Richard - I guess my focus is too narrow. I've only ever used them in the shop, and have never ever thought of other uses.

Thanks for the tip. Why I like this forum a lot.:sold:


----------



## woodknots (Mar 7, 2012)

patlaw said:


> Well, I'd forgotten about those, and I think there's a set of them around here somewhere. They're worth a try.
> 
> Also, *a Domino is not on the list*, either.

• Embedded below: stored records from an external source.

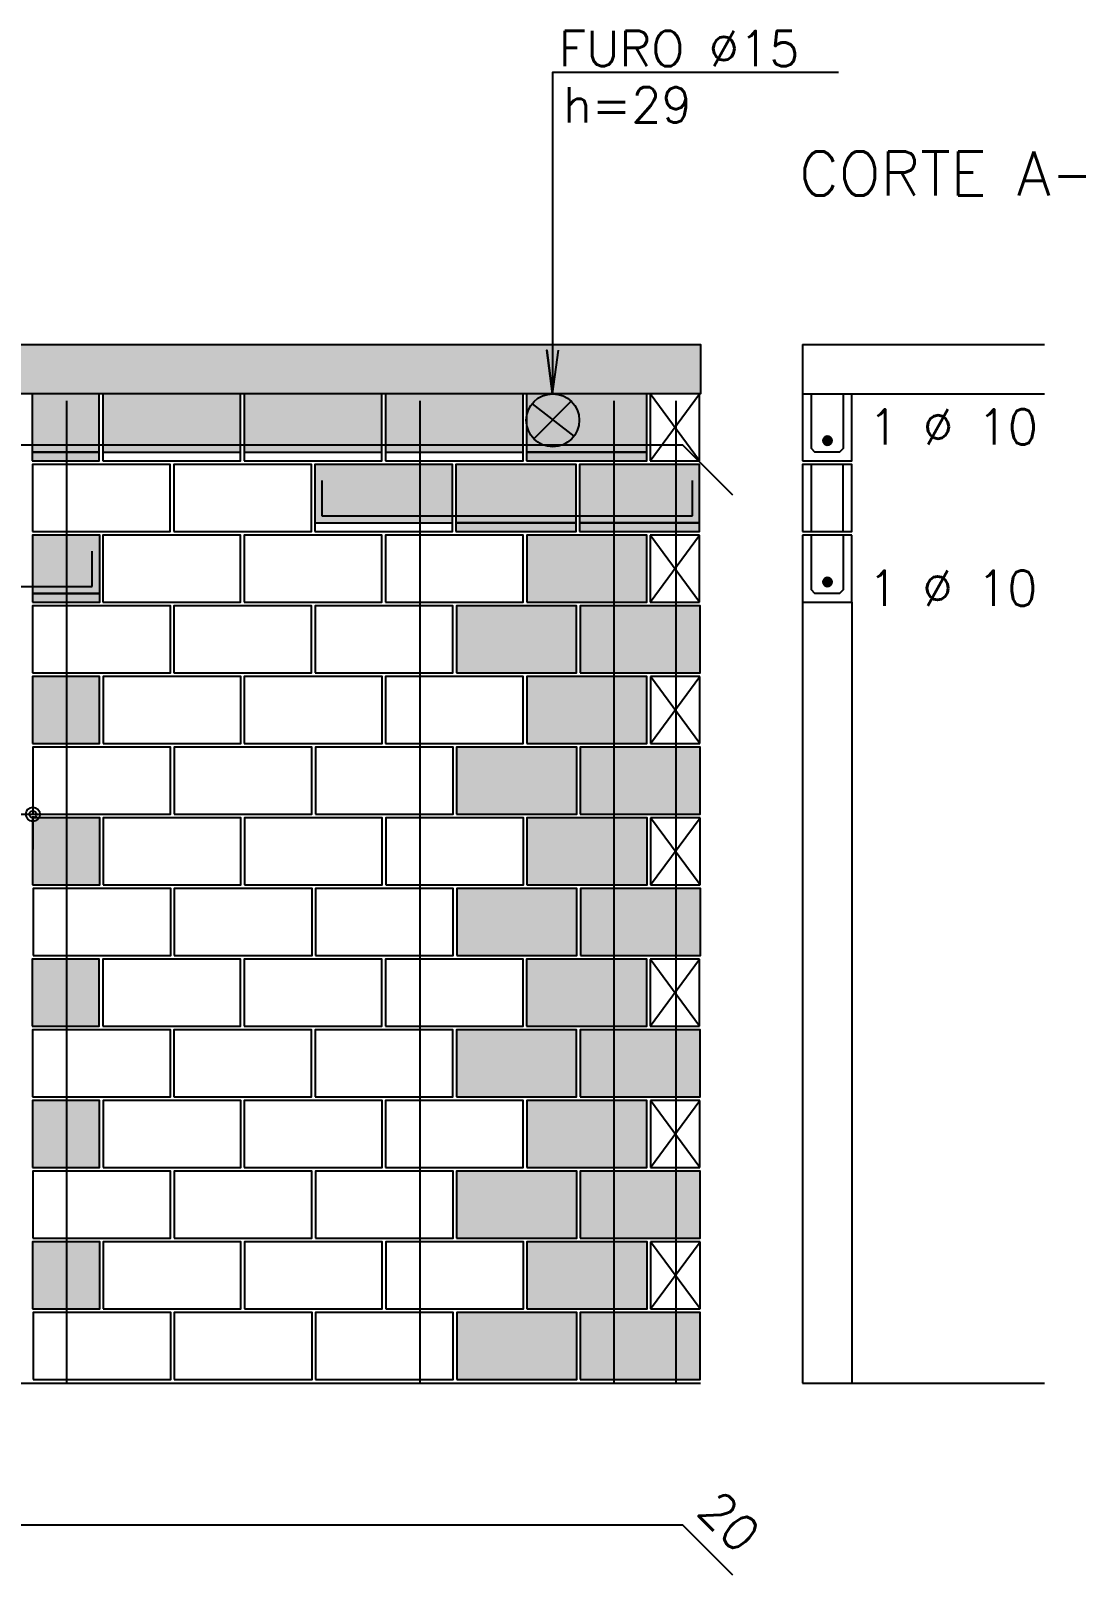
# Model space of a CAD drawing. Extents: x -1 to 122, y -1 to 61.
# Drawn here: x 62.35 to 68.27, y 26.21 to 34.95 of the extents above; entities that cross this region are included whole.
import ezdxf

# ---------------------------------------------------------------- set-up
doc = ezdxf.new("R2010")
doc.units = 0
doc.header["$MEASUREMENT"] = 0
for name, color, linetype in [('PENA_01', 1, 'CONTINUOUS'), ('PENA_02', 2, 'CONTINUOUS'), ('PENA_03', 3, 'CONTINUOUS'), ('PENA_05', 5, 'CONTINUOUS'), ('PENA_09', 254, 'CONTINUOUS'), ('PENA_11', 252, 'CONTINUOUS'), ('PENA_21', 100, 'CONTINUOUS'), ('PENA_23', 50, 'CONTINUOUS')]:
    doc.layers.add(name, color=color, linetype=linetype)
doc.styles.get("Standard").update_dxf_attribs({"font": 'ROMANS.SHX'})

msp = doc.modelspace()

# ---------------------------------------------------------------- linework, layer by layer
at = {"layer": 'PENA_01', "linetype": 'Continuous'}
for p, q in [((65.191, 32.8366), (65.4262, 32.652)), ((65.198, 32.6367), (65.4103, 32.8489)), ((62.3595, 32.5626), (62.7395, 32.5626)), ((62.7595, 32.5626), (63.5395, 32.5626)), ((63.5595, 32.5626), (64.3395, 32.5626)), ((64.3595, 32.5626), (65.1395, 32.5626)), ((65.1595, 32.5626), (65.8395, 32.5626)), ((63.9595, 32.1626), (64.7395, 32.1626)), ((64.7595, 32.1626), (65.4395, 32.1626)), ((65.4595, 32.1626), (66.1395, 32.1626)), ((62.362, 31.7626), (62.742, 31.7626)), ((60.3431, 30.5126), (62.5631, 30.5126)), ((62.3631, 30.5026), (62.3631, 30.3126))]:
    msp.add_line(p, q, dxfattribs=at)
msp.add_circle((65.3077, 32.7426), 0.15, dxfattribs=at)
at = {"layer": 'PENA_02', "linetype": 'Continuous'}
for p, q in [((66.1395, 32.8926), (65.8595, 32.8926)), ((65.8595, 32.8926), (65.8595, 32.5126)), ((66.1395, 32.5126), (66.1395, 32.8926)), ((65.8595, 32.5126), (66.1395, 32.5126)), ((66.1395, 32.0926), (65.8595, 32.0926)), ((65.8595, 32.0926), (65.8595, 31.7126)), ((66.1395, 31.7126), (66.1395, 32.0926)), ((65.8595, 31.7126), (66.1395, 31.7126)), ((66.1405, 31.2926), (65.8605, 31.2926)), ((65.8605, 31.2926), (65.8605, 30.9126)), ((66.1405, 30.9126), (66.1405, 31.2926)), ((65.8605, 30.9126), (66.1405, 30.9126)), ((66.1416, 30.4926), (65.8616, 30.4926)), ((65.8616, 30.4926), (65.8616, 30.1126)), ((66.1416, 30.1126), (66.1416, 30.4926)), ((65.8616, 30.1126), (66.1416, 30.1126)), ((66.1395, 29.6926), (65.8595, 29.6926)), ((65.8595, 29.6926), (65.8595, 29.3126)), ((66.1395, 29.3126), (66.1395, 29.6926)), ((65.8595, 29.3126), (66.1395, 29.3126)), ((66.1405, 28.8926), (65.8605, 28.8926)), ((65.8605, 28.8926), (65.8605, 28.5126)), ((66.1405, 28.5126), (66.1405, 28.8926)), ((65.8605, 28.5126), (66.1405, 28.5126)), ((66.1416, 28.0926), (65.8616, 28.0926)), ((65.8616, 28.0926), (65.8616, 27.7126)), ((66.1416, 27.7126), (66.1416, 28.0926)), ((65.8616, 27.7126), (66.1416, 27.7126)), ((54.9642, 27.2926), (66.1442, 27.2926))]:
    msp.add_line(p, q, dxfattribs=at)
for points in [[(54.9642, 32.8926), (54.9642, 33.1726), (66.1442, 33.1726), (66.1442, 32.8926), (54.9642, 32.8926)], [(62.3595, 32.5126), (62.7395, 32.5126), (62.7395, 32.8926), (62.3595, 32.8926), (62.3595, 32.5126)], [(62.7595, 32.5126), (63.5395, 32.5126), (63.5395, 32.8926), (62.7595, 32.8926), (62.7595, 32.5126)], [(63.5595, 32.5126), (64.3395, 32.5126), (64.3395, 32.8926), (63.5595, 32.8926), (63.5595, 32.5126)], [(64.3595, 32.5126), (65.1395, 32.5126), (65.1395, 32.8926), (64.3595, 32.8926), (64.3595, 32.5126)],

There's always a reason to get another tool >


----------



## patlaw (Jan 4, 2010)

vchiarelli said:


> There's always a reason to get another tool >


I've purchased most of the inexpensive tools I need. Now I'm into the good stuff. My last purchase was a Kapex KS120. Now you tell me how much sense it makes to have one of those when I do my wood destruction projects on my back deck, when it's warm enough and it's not raining, and my skill set is Introduction to Woodworking 101. My wife is very understanding of my desire to purchase guitars, microphones, and, now, woodworking tools, but I'm sure there's a limit in there somewhere.


----------



## Quillman (Aug 16, 2010)

Can be done decoratively with hardware.


----------



## woodknots (Mar 7, 2012)

There's always a limit.

I've purchased a few "new" tools, but most of my larger tools were purchased used. I inherited my dad's hand tools when he passed (he was a stationary engineer by trade, but was the epitome of a DIY guy), and added them to my own small collection. I'm not cheap, just frugal, and although the list of "wants" is fairly large, the list of "needs" is rather small. I don't make money from my projects, do them strictly as a hobby, so can't justify major, expensive purchases.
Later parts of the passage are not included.